И министр довольно комичным жестом воздымает руку с бокалом, пытаясь уподобить его факелу.

— Статуя Свободы — какой великолепный символ!

Эйфель изображает скромность, чуточку наигранную:

— Это творение Бартольди, господин министр.

Локруа ставит бокал, затем, после недолгого колебания, снова берет его и осушает до дна.

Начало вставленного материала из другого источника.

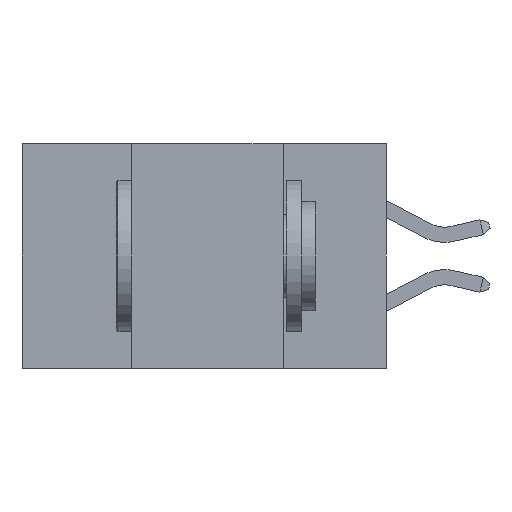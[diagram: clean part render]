
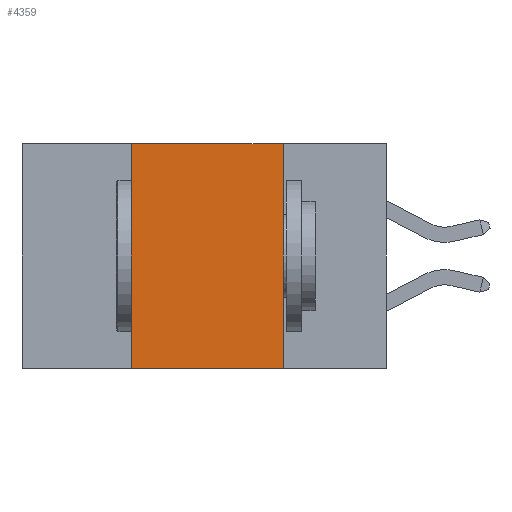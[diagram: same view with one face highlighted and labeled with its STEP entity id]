
A CAD part, left-side view. The second image highlights one B-rep face of the part: STEP entity #4359.
In plain terms, the highlighted planar face has unit normal (-1, 0, 0).
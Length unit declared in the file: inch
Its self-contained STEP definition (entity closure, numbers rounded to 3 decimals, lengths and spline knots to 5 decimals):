
#999 = DIRECTION ( 'NONE',  ( 0., 0., 1. ) ) ;
#2223 = LINE ( 'NONE', #15110, #25381 ) ;
#2285 = CARTESIAN_POINT ( 'NONE',  ( 0., 0.6, -0.37 ) ) ;
#2375 = LINE ( 'NONE', #27871, #26919 ) ;
#3464 = VERTEX_POINT ( 'NONE', #21895 ) ;
#4359 = ADVANCED_FACE ( 'NONE', ( #17734 ), #9119, .F. ) ;
#4563 = DIRECTION ( 'NONE',  ( 0., -1., 0. ) ) ;
#5430 = DIRECTION ( 'NONE',  ( 0., 0., -1. ) ) ;
#5818 = ORIENTED_EDGE ( 'NONE', *, *, #24138, .F. ) ;
#8360 = DIRECTION ( 'NONE',  ( 0., -1., 0. ) ) ;
#9119 = PLANE ( 'NONE',  #13301 ) ;
#9364 = ORIENTED_EDGE ( 'NONE', *, *, #17643, .T. ) ;
#9432 = VECTOR ( 'NONE', #4563, 39.37008 ) ;
#10577 = CARTESIAN_POINT ( 'NONE',  ( 0., 0.17, 0. ) ) ;
#11489 = CARTESIAN_POINT ( 'NONE',  ( 0., 0.6, 0. ) ) ;
#11926 = CARTESIAN_POINT ( 'NONE',  ( 0., 0.42, 0. ) ) ;
#13195 = ORIENTED_EDGE ( 'NONE', *, *, #17943, .F. ) ;
#13301 = AXIS2_PLACEMENT_3D ( 'NONE', #11489, #13331, #19996 ) ;
#13331 = DIRECTION ( 'NONE',  ( 1., 0., 0. ) ) ;
#13954 = LINE ( 'NONE', #2285, #9432 ) ;
#15110 = CARTESIAN_POINT ( 'NONE',  ( 0., 0.6, 0. ) ) ;
#15907 = VERTEX_POINT ( 'NONE', #25253 ) ;
#16700 = ORIENTED_EDGE ( 'NONE', *, *, #28900, .F. ) ;
#17643 = EDGE_CURVE ( 'NONE', #15907, #3464, #13954, .T. ) ;
#17734 = FACE_OUTER_BOUND ( 'NONE', #23628, .T. ) ;
#17943 = EDGE_CURVE ( 'NONE', #15907, #28200, #2375, .T. ) ;
#18812 = CARTESIAN_POINT ( 'NONE',  ( 0., 0.17, 0. ) ) ;
#19996 = DIRECTION ( 'NONE',  ( 0., 0., -1. ) ) ;
#20771 = LINE ( 'NONE', #18812, #28862 ) ;
#21895 = CARTESIAN_POINT ( 'NONE',  ( 0., 0.17, -0.37 ) ) ;
#23628 = EDGE_LOOP ( 'NONE', ( #16700, #5818, #13195, #9364 ) ) ;
#24138 = EDGE_CURVE ( 'NONE', #28200, #27824, #2223, .T. ) ;
#25253 = CARTESIAN_POINT ( 'NONE',  ( 0., 0.42, -0.37 ) ) ;
#25381 = VECTOR ( 'NONE', #8360, 39.37008 ) ;
#26919 = VECTOR ( 'NONE', #999, 39.37008 ) ;
#27824 = VERTEX_POINT ( 'NONE', #10577 ) ;
#27871 = CARTESIAN_POINT ( 'NONE',  ( 0., 0.42, 0. ) ) ;
#28200 = VERTEX_POINT ( 'NONE', #11926 ) ;
#28862 = VECTOR ( 'NONE', #5430, 39.37008 ) ;
#28900 = EDGE_CURVE ( 'NONE', #27824, #3464, #20771, .T. ) ;

Его взгляд по-прежнему сверкает победоносной решимостью.

— Ах, оставь, Гюстав, всем известно, что эта фигура стоит так незыблемо лишь благодаря тебе, — замечает Рестак.

Супруга министра Локруа — видная сорокалетняя дама с лукавыми глазами, доселе позволявшая себе говорить лишь шепотом, — обращается к госпоже де Рестак:

— А вы, Адриенна? Что вы об этом думаете?

Эйфель вздрагивает. Их взгляды снова встречаются, и Гюставу становится страшно. Сейчас он услышит ее голос.

— Я согласна с Эдуардом, — отвечает Адриенна, вперив в супругу министра большие кошачьи глаза. — Метро — это что-то унылое, невидимое, подземное…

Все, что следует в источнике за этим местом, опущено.